Foreign overlords further confused the picture. Centuries of Ottoman-mandated forced conversion to Islam and immigration of Islamic colonists created an impossible patchwork of religious beliefs and ethnic hatreds as the elite classes used religion as an excuse to tax and steal. Bulgarian Orthodox clergy today, however, will tell you that 45 years of Soviet rule destroyed more of Bulgaria's religious heritage than 500 years of Ottoman rule due to Soviet efficiency and high explosives.

As in Armenia and Poland, religion kept Balkan nationalities alive through periods of foreign domination. Bulgarians, for example, withstood Ottoman taxation of non-Moslems, including not only money, produce, and livestock, but also the Devshirme, the Blood Tax, the seizing of young sons to fight in the Sultan's Janissary Corps. Bulgarians who converted to Islam became, in law and in society, Turks. For a more recent example, consider the former Yugoslavia as it fragmented. Catholics were equated with Croatia and Slovenia, Orthodox were equated with Serbia, and Moslems were equated with Bosnia. Religion equaled nationality. Religious minorities in any community became foreigners, unprotected by law, and subject to the worst atrocities.

As I was growing up in 1950s Texas, the 1860-1865 American Civil War remained very much an issue of state pride and patriotism.
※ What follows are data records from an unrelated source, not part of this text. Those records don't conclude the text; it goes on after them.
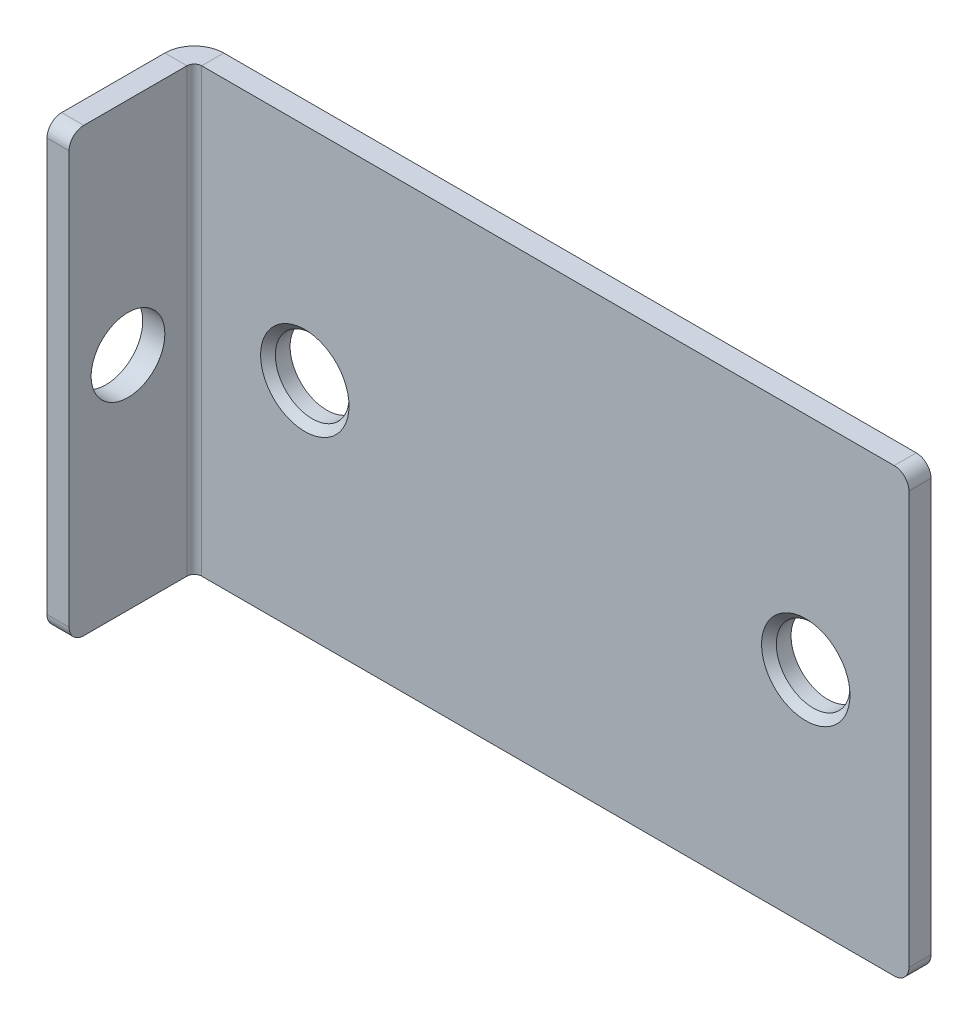
from build123d import *

# Parameters (mm, degrees)
SKETCH2_W                                      = 5
SKETCH2_H                                      = 3
BASE_FLANGE1_DEPTH                             = 0.15
EDGE_FLANGE1_STRIP_W                           = 0.7
EDGE_FLANGE1_STRIP_H                           = 0.15
EDGE_FLANGE1_STRIP_CUT_DEPTH                   = 3
EDGE_FLANGE1_DEPTH                             = 3
SKETCH14_R                                     = 0.25
CUT_EXTRUDE1_DEPTH                             = 7.095475053
CSK_FOR_M2_FLAT_HEAD_MACHINE_SCREW1_AT_2_COUNT = 2
CSK_FOR_M2_FLAT_HEAD_MACHINE_SCREW1_AT_2_PITCH = 3.4
FILLET1_R                                      = 0.1


# Sheet-metal steps are written as plain solids
with BuildPart() as part:
    # Sketch2 → Base-Flange1 (new body)
    with BuildSketch(Plane.XY):
        with Locations((2.5, 2.093023256)):
            Rectangle(SKETCH2_W, SKETCH2_H)
    extrude(amount=-BASE_FLANGE1_DEPTH)

    # Edge-Flange1 strip (across the edge) → Edge-Flange1 strip cut (cut)
    with BuildSketch(Plane.XZ.offset(-3.593023256)):
        with Locations((-0.15, -0.075)):
            Rectangle(EDGE_FLANGE1_STRIP_W, EDGE_FLANGE1_STRIP_H)
    extrude(amount=EDGE_FLANGE1_STRIP_CUT_DEPTH, mode=Mode.SUBTRACT)

    # Edge-Flange1 section (across the edge) → Edge-Flange1 (add)
    with BuildSketch(Plane.XZ.offset(-3.593023256)):
        with BuildLine():
            Line((0, 0.05), (0, 0.85))
            Line((0, 0.85), (0.15, 0.85))
            Line((0.15, 0.85), (0.15, 0.05))
            ThreePointArc((0.15, 0.05), (0.164644661, 0.014644661), (0.2, 0))
            Line((0.2, 0), (0.2, -0.15))
            ThreePointArc((0.2, -0.15), (0.058578644, -0.091421356), (0, 0.05))
        make_face()
    extrude(amount=EDGE_FLANGE1_DEPTH)

    # Sketch14 → Cut-Extrude1 (cut, through all)
    with BuildSketch(Plane(origin=(0.15, 0, 0), x_dir=(0, 0, -1), z_dir=(1, 0, 0))):
        with Locations((-0.45, 2.093023256)):
            Circle(SKETCH14_R)
    extrude(amount=-CUT_EXTRUDE1_DEPTH, mode=Mode.SUBTRACT)

    # Sketch17 → CSK for M2 Flat Head Machine Screw1 (revolve, cut)
    with BuildSketch(Plane(origin=(0.9, 2.093023256, 0), x_dir=(0, -1, 0), z_dir=(1, 0, 0))):
        Polygon((0, 0), (0, 0.15), (0.25, 0.15), (0.25, 0.05), (0.3, 0), align=None)
    csk_for_m2_flat_head_machine_screw1 = revolve(axis=Axis((0.9, 2.093023256, 6.35), (0, 0, -1)), mode=Mode.SUBTRACT)

    # CSK for M2 Flat Head Machine Screw1 at 2: CSK for M2 Flat Head Machine Screw1 ×2
    with Locations(*[(i * CSK_FOR_M2_FLAT_HEAD_MACHINE_SCREW1_AT_2_PITCH, 0, 0) for i in range(1, CSK_FOR_M2_FLAT_HEAD_MACHINE_SCREW1_AT_2_COUNT)]):
        add(csk_for_m2_flat_head_machine_screw1, mode=Mode.SUBTRACT)

    # Fillet1
    fillet1_edges = [part.edges().sort_by_distance(p)[0] for p in [
        (0.075, 3.593023256, 0.85),
        (0.075, 0.593023256, 0.85),
        (5, 3.593023256, -0.075),
        (5, 0.593023256, -0.075),
    ]]
    fillet(fillet1_edges, radius=FILLET1_R)


solid = part.part

In early 20th century Scotland, the 1692 Massacre of Glencoe remained alive in the memories of elderly MacDonalds. The Ottoman defeat at Shipka occurred in 1876, eleven years after the end of the Civil War and 184 years after Glencoe. Only the most myopic would honestly dismiss today's Balkan popular memory as government-inspired propaganda. Do not underestimate the power of religion in the Balkans.